# Statistical Hypothesis Testing

Validate risk driver hypotheses with fixes for warnings and sample size issues.


In [9]:
import pandas as pd
import numpy as np
from scipy import stats
from src.data_preprocessor import load_and_preprocess

# Load preprocessed data
df, _ = load_and_preprocess('../data/MachineLearningRating_v3.csv')
df['HasClaim'] = (df['TotalClaims'] > 0).astype(int)
df_claims = df[df['TotalClaims'] > 0]
df['Margin'] = df['TotalPremium'] - df['TotalClaims']

# Data Segmentation
# Provinces: Western Cape vs. Gauteng
wcape = df[df['Province_Western Cape'] == 1]
gauteng = df[df['Province_Gauteng'] == 1]

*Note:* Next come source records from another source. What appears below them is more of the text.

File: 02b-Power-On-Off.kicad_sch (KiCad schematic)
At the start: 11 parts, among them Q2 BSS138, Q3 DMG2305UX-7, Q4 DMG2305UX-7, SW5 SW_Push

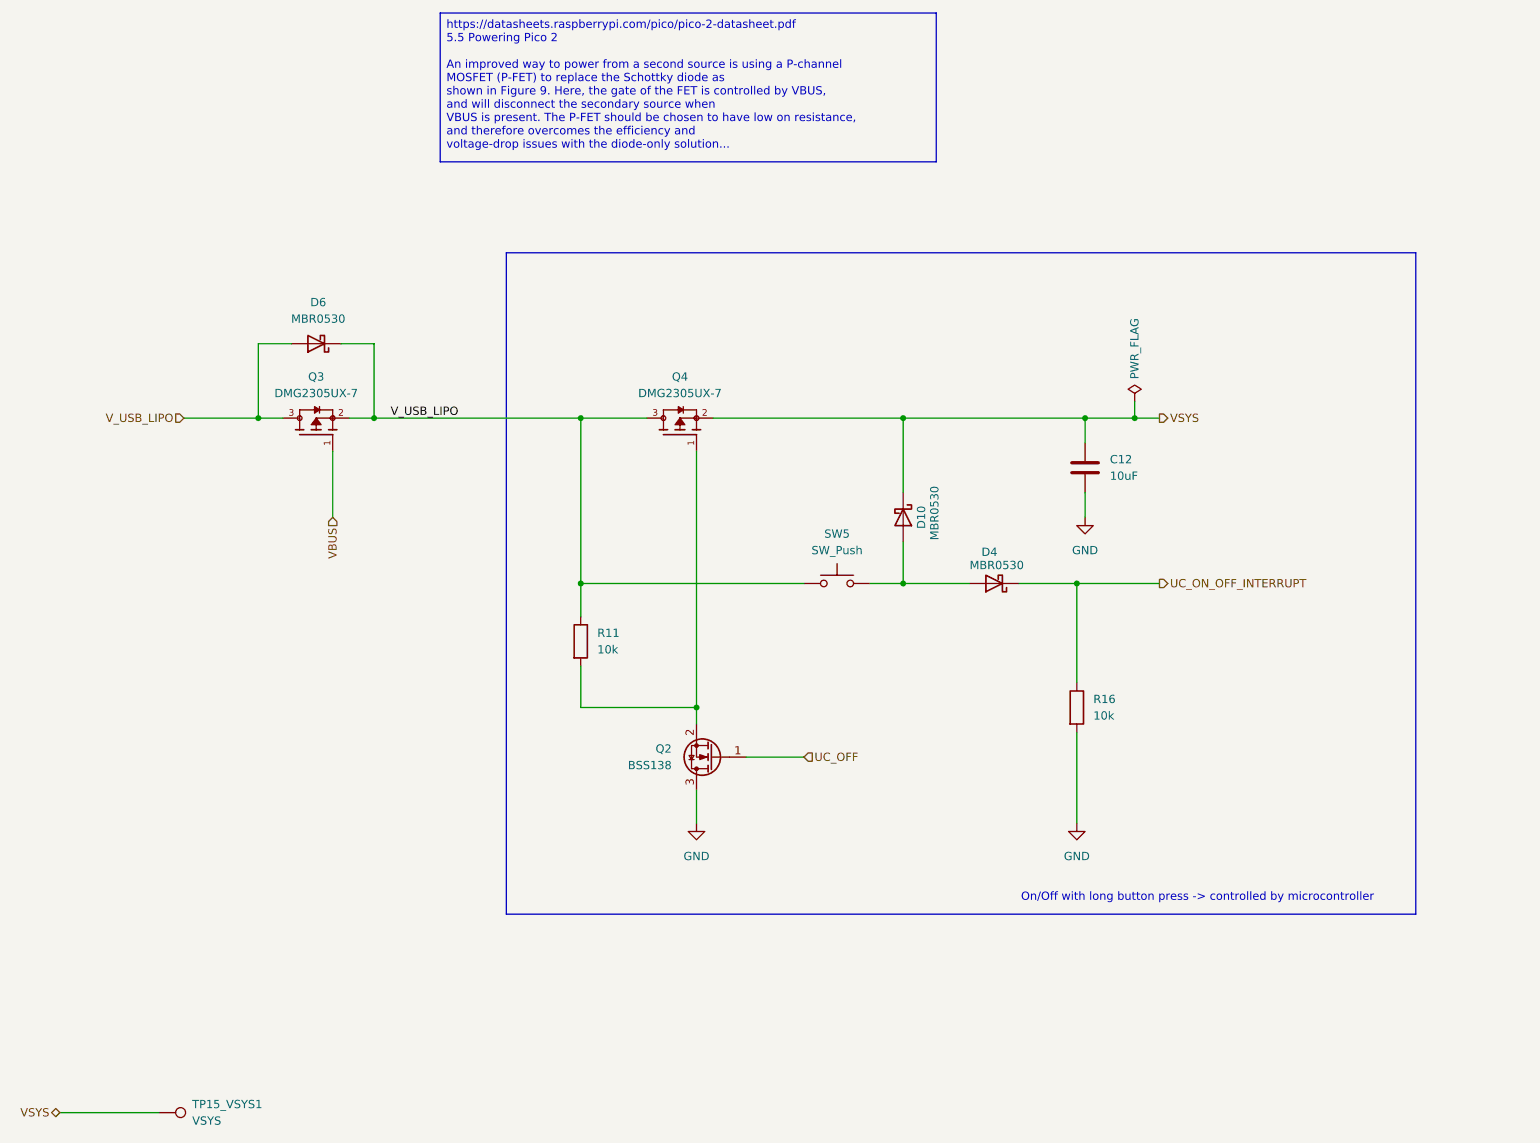
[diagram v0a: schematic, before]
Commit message: Worked on power on/off button, epaper driver and board/routing
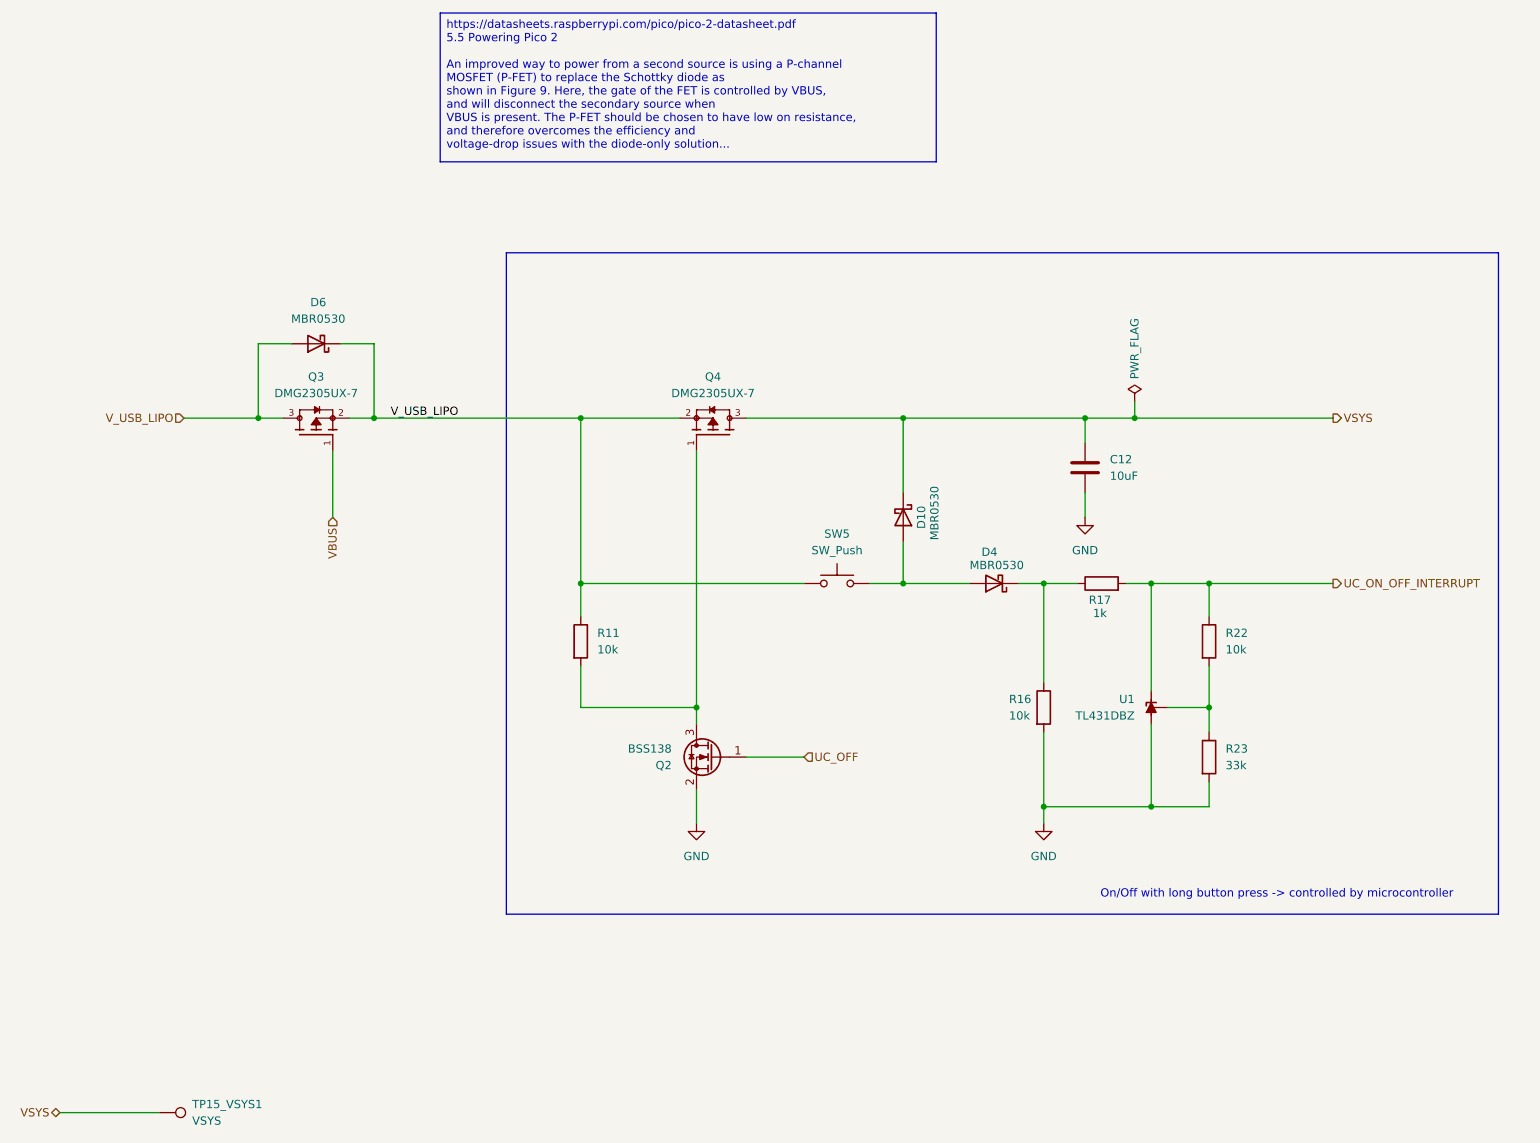
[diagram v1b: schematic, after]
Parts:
- added R17: 1k, Resistor_SMD:R_1206_3216Metric_Pad1.30x1.75mm_HandSolder, symbol Device:R
- added R22: 10k, Resistor_SMD:R_1206_3216Metric_Pad1.30x1.75mm_HandSolder, symbol Device:R
- added R23: 33k, Resistor_SMD:R_1206_3216Metric_Pad1.30x1.75mm_HandSolder, symbol Device:R
- added U1: TL431DBZ, Package_TO_SOT_SMD:SOT-23-3, symbol Reference_Voltage:TL431DBZ
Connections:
- net GND: now also Q2.2 (S), R23.2, U1.3 (A); no longer Q2.3 (D)
- net UC_ON_OFF_INTERRUPT: now also R17.2, R22.1, U1.1 (K); no longer D4.1 (K), R16.1
- net VSYS: now also Q4.3; no longer Q4.2
- net V_USB_LIPO: now also Q4.2; no longer Q4.3
- net at Q4.1, R11.2: now also Q2.3 (D); no longer Q2.2 (S)
- new net: D4.1 (K), R16.1, R17.1
- new net: R22.2, R23.1, U1.2 (REF)
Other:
- moved on the sheet: Q2, Q4, R16

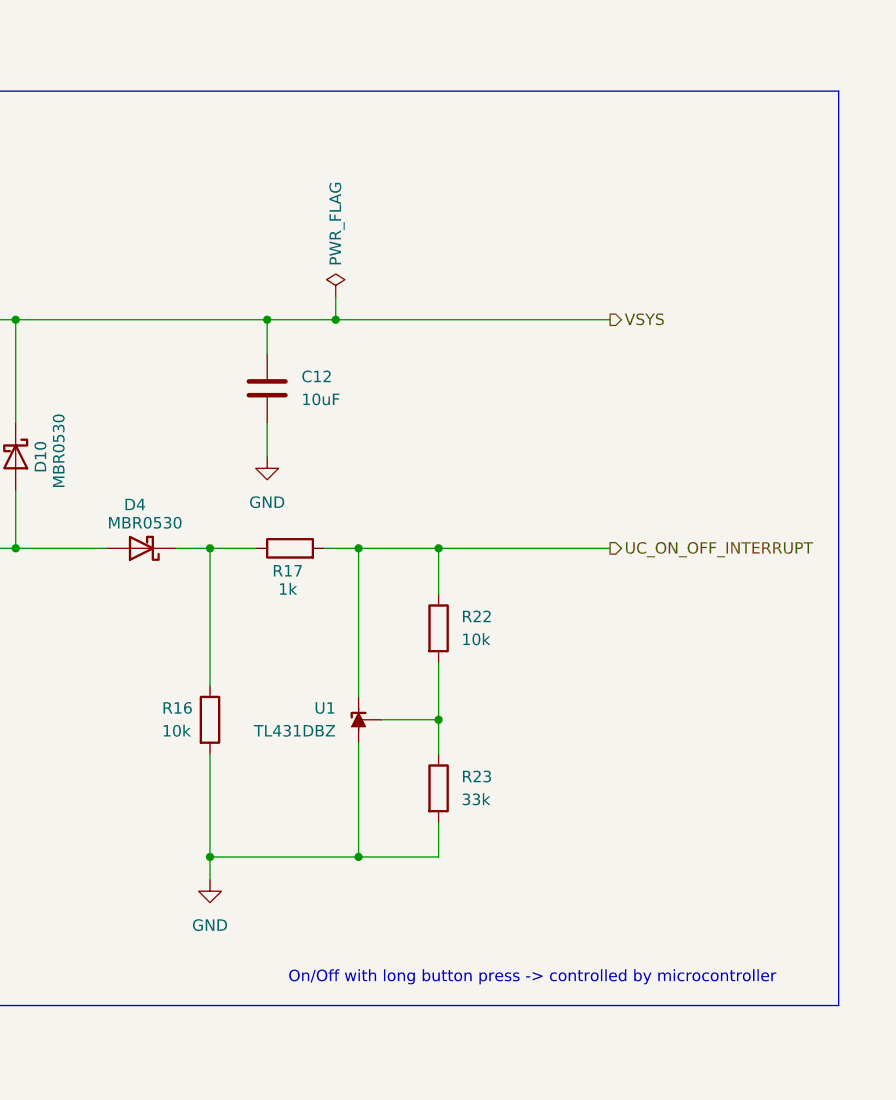
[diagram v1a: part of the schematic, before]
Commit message: v2: finished schematics, start routing
The schematics for v2 should be mostly finished by now.
The new on/off button is ready and tested with a breadboard setup.
It now uses two FETs for a self-holding circuit for turning the
device on and off. To reach a safe logic level for Pico 2, a
2.7V Zener diode is used together with a pull-down for E9 affected
RP2350 revisions.
Besides, most pull-up resistors are 10k now to keep the BoM
smaller.

Routing started with a major redesign.
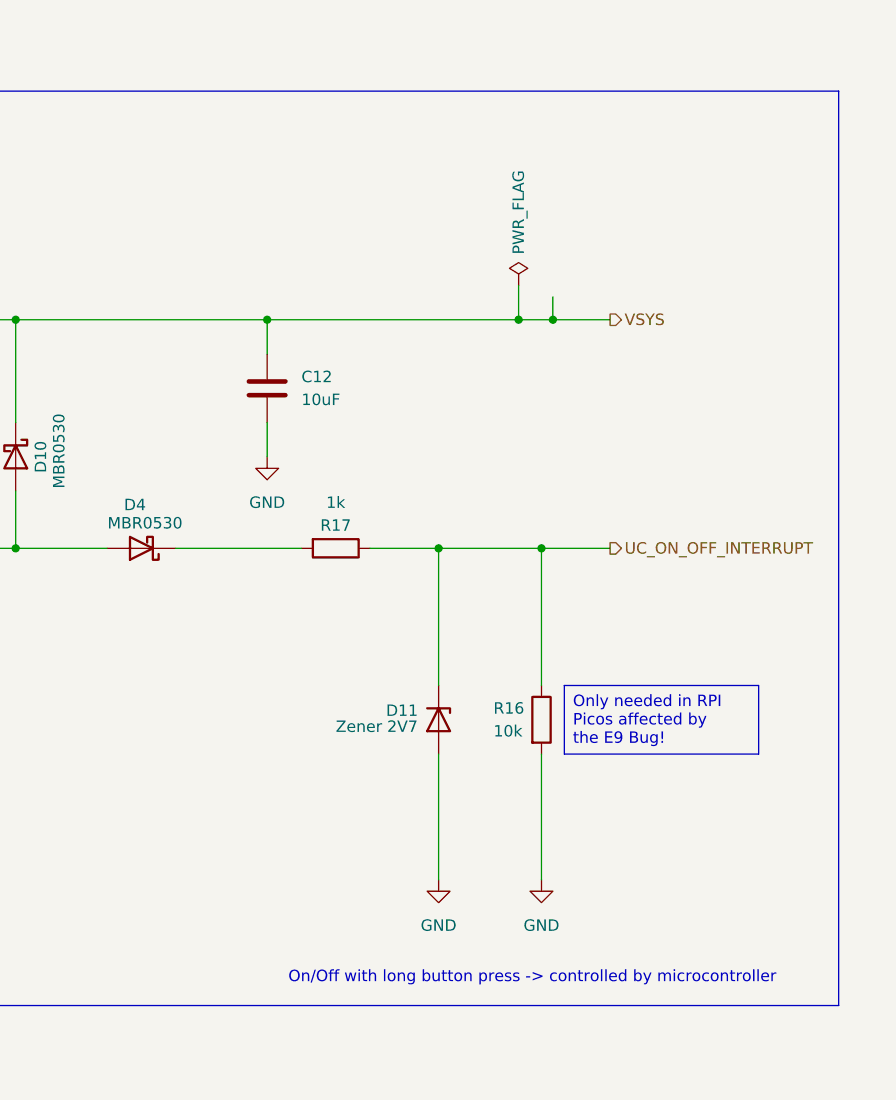
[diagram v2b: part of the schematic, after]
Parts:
- removed R22: 10k, Resistor_SMD:R_1206_3216Metric_Pad1.30x1.75mm_HandSolder, symbol Device:R
- removed R23: 33k, Resistor_SMD:R_1206_3216Metric_Pad1.30x1.75mm_HandSolder, symbol Device:R
- removed U1: TL431DBZ, Package_TO_SOT_SMD:SOT-23-3, symbol Reference_Voltage:TL431DBZ
- added D11: Zener 2V7, Diode_SMD:D_1206_3216Metric_Pad1.42x1.75mm_HandSolder, symbol Device:D_Zener
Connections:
- net GND: now also D11.2 (A)
- net UC_ON_OFF_INTERRUPT: now also R16.1, R17.1, D11.1 (K); no longer R17.2
- new net: D4.1 (K), R17.2
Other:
- moved on the sheet: R16

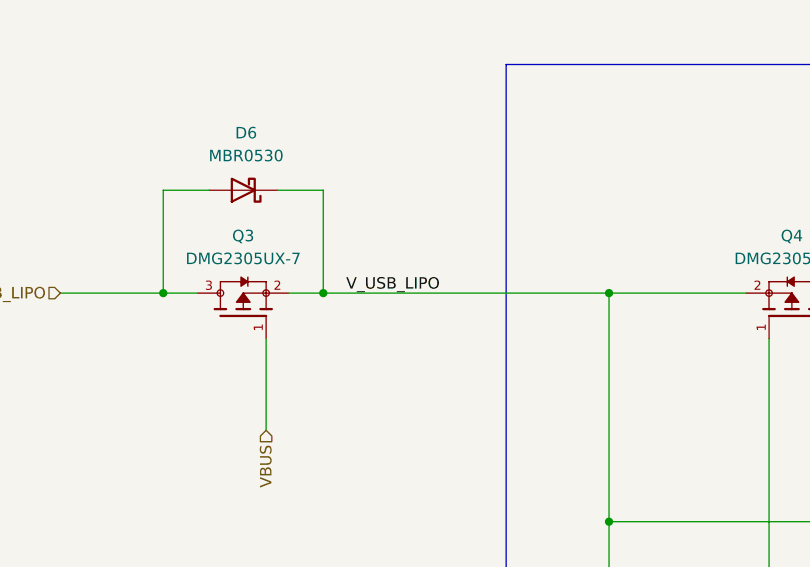
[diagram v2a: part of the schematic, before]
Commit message: First routing approach for v2
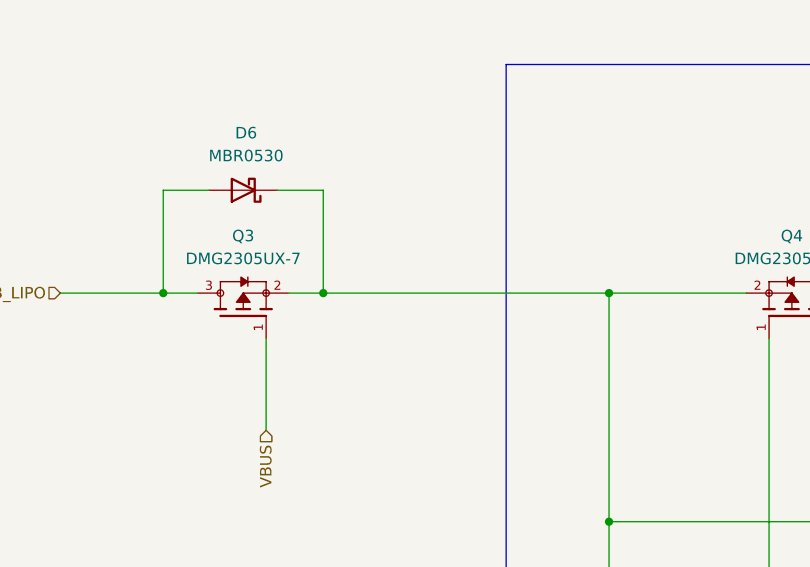
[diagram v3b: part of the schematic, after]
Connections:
- net V_USB_LIPO: no longer D6.1 (K), Q3.2, Q4.2, R11.1, SW5.1
- new net: D6.1 (K), Q3.2, Q4.2, R11.1, SW5.1
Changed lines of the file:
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@@
-		)
-	)
-	(label "V_USB_LIPO"
-		(at 83.82 76.2 0)
-		(effects
-			(font
-				(size 1.27 1.27)
-			)
-			(justify left bottom)
 		)
 	)
@@
 			(effects
 				(font
+					(size 1.27 1.27)
+					(italic yes)
+				)
+				(justify left)
+			)
+		)
+	)
+	(netclass_flag ""
+		(length 2.54)
+		(shape round)
+		(at 88.9 76.2 0)
+		(effects
+			(font
+				(size 1.27 1.27)
+			)
+			(justify left bottom)
+		)
+		(property "Netclass" "PWR"
+			(at 86.614 72.136 0)
+			(effects
+				(font

# Zip Codes: Select zip codes with sufficient claim data
zip_claims = df_claims.groupby('PostalCode').filter(lambda x: len(x) > 1)  # Filter for valid claim data
zip_freq = zip_claims.groupby('PostalCode')['HasClaim'].mean().sort_values()
if len(zip_freq) >= 2:
    zip_low_code = zip_freq.index[0]  # Lowest claim frequency with claims
    zip_high_code = zip_freq.index[-1]  # Highest claim frequency with claims
    zip_low = df[df['PostalCode'] == zip_low_code]
    zip_high = df[df['PostalCode'] == zip_high_code]
else:
    print("Insufficient zip codes with claims; using all available.")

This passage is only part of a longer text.